Without this context, we can’t rest half the argument for a native Indian origin of Punch on his observations—the other half resting, of course, on Fryer’s etymology. That, too, is pretty shaky, seeing as the English were such inveterate manglers of foreign words—“Robidavia,” a Spanish wine, became in their mouths “Rob Davy”—that it would be most remarkable if the Hindustani word for “five” emerged nearly unscathed.

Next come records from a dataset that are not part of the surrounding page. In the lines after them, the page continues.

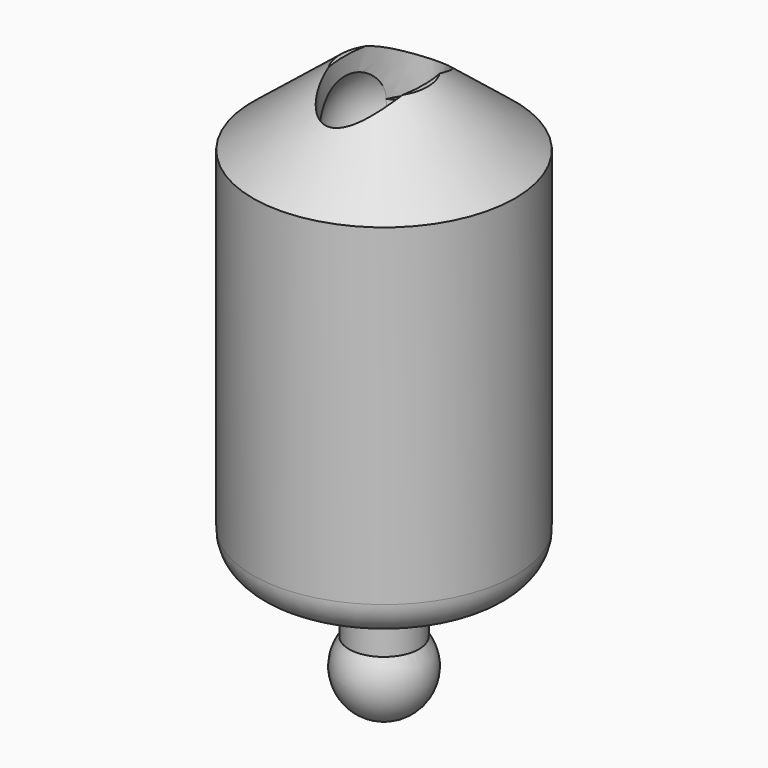
from build123d import *

# Parameters (mm, degrees)
F0_R     = 7.5
F1_DEPTH = 25
F2_R     = 2
F3_DEPTH = 5
F7_DEPTH = 3
F11_R    = 2


# Not quite as in the source:
# - a fillet or chamfer that OpenCascade refuses, or shapes differently, is made with other operations: its cross-section is extruded or revolved along the edge and cut away or added


with BuildPart() as f1:
    # F0 (on Top) → F1 (new body)
    with BuildSketch(Plane.XY):
        Circle(F0_R)
    extrude(amount=F1_DEPTH)

    # F2 (on face) → F3 (join)
    with BuildSketch(Plane(origin=(0, 0, 0), x_dir=(1, 0, 0), z_dir=(0, 0, -1))):
        Circle(F2_R)
    extrude(amount=F3_DEPTH)

    # F4 (on face) → F5 (revolve)
    with BuildSketch(Plane(origin=(0, 0, -5), x_dir=(1, 0, 0), z_dir=(0, 0, -1))):
        with BuildLine():
            Line((0, 2), (0, 2.5))
            ThreePointArc((0, 2.5), (-2.5, 0), (0, -2.5))
            Line((0, -2.5), (0, -2))
            ThreePointArc((0, -2), (-2, 0), (0, 2))
        make_face()
        with BuildLine():
            Line((0, -2), (0, 2))
            ThreePointArc((0, 2), (-2, 0), (0, -2))
        make_face()
    revolve(axis=Axis((0, 0, -5), (0, 1, 0)))

    # F6 (on face) → F7 (cut)
    with BuildSketch(Plane.XY.offset(25)):
        with BuildLine():
            add(Edge.make_bspline(
                [(0, 4), (-3.897114317, 4), (-1.9485571585, -2), (0, -8), (1.9485571585, -2), (3.897114317, 4), (0, 4)],
                knots=[0, 0, 0, 2.0943951024, 2.0943951024, 4.1887902048, 4.1887902048, 6.2831853072, 6.2831853072, 6.2831853072], degree=2, weights=[1, 0.5, 1, 0.5, 1, 0.5, 1]))
        make_face()
    extrude(amount=-F7_DEPTH, mode=Mode.SUBTRACT)

    # F8 (on face) → F9 (revolve, cut)
    with BuildSketch(Plane.XY.offset(22)):
        with BuildLine():
            ThreePointArc((1.8, -2.4), (2.683281573, -1.3416407865), (3, 0))
            ThreePointArc((3, 0), (2.683281573, 1.3416407865), (1.8, 2.4))
            add(Edge.make_bspline(
                [(1.8, -2.4), (1.8810311774, -2.2079260981), (1.9485571585, -2), (2.6913429511, 0.2871870789), (1.8, 2.4)],
                knots=[4.0484923357, 4.0484923357, 4.0484923357, 4.1887902048, 4.1887902048, 5.3448576064, 5.3448576064, 5.3448576064], degree=2, weights=[0.9375, 0.9665063509, 1, 0.7240092377, 0.7527020789]))
        make_face()
        with BuildLine():
            Line((0, -3), (0, 3))
            ThreePointArc((0, 3), (-0.9486832981, 2.8460498942), (-1.8, 2.4))
            add(Edge.make_bspline(
                [(-1.8, 2.4), (-2.6913429511, 0.2871870789), (-1.9485571585, -2), (-1.8810311774, -2.2079260981), (-1.8, -2.4)],
                knots=[0.9383277008, 0.9383277008, 0.9383277008, 2.0943951024, 2.0943951024, 2.2346929715, 2.2346929715, 2.2346929715], degree=2, weights=[0.7527020789, 0.7240092377, 1, 0.9665063509, 0.9375]))
            ThreePointArc((-1.8, -2.4), (-0.9486832981, -2.8460498942), (0, -3))
        make_face()
    revolve(axis=Axis((0, 0, 22), (0, -1, 0)), mode=Mode.SUBTRACT)

    # F10: chamfer of 5 x 4 on 1 edges, made by hand

    # F10_s1 → F10_t2 (revolve, cut)
    with BuildSketch(Plane.XZ):
        Polygon((7.5, 21), (2.5, 25), (7.5, 25), align=None)
    revolve(axis=Axis((0, 0, 25), (0, 0, 1)), mode=Mode.SUBTRACT)

    # F11
    f11_edges = [f1.edges().sort_by_distance(p)[0] for p in [
        (-7.5, 0, 0),
    ]]
    fillet(f11_edges, radius=F11_R)


solid = f1.part

Furthermore, “punch” was a perfectly good English word with a number of uses, including, according to Samuel Pepys, as “a word of common use for all that is thick and short”—items that would include the “round and Belly’d” bowl Punch was usually served in (as the journalist John Dunton noted in 1728).
q
Nor can we ignore that there was a perfectly good, perfectly English model for this new drink, one that’s attested to in print before the first English traveler set foot in India or viewed the palm-fringed coast of Java. That is, of course, George Gascoigne’s wine mixed with “Sugar, Limons and sundry sortes of Spices.” To make that into Punch, one would have to simply replace the real wine with an “artificiall” one (as Roe would describe it) made up of aqua vitae and water. Easy.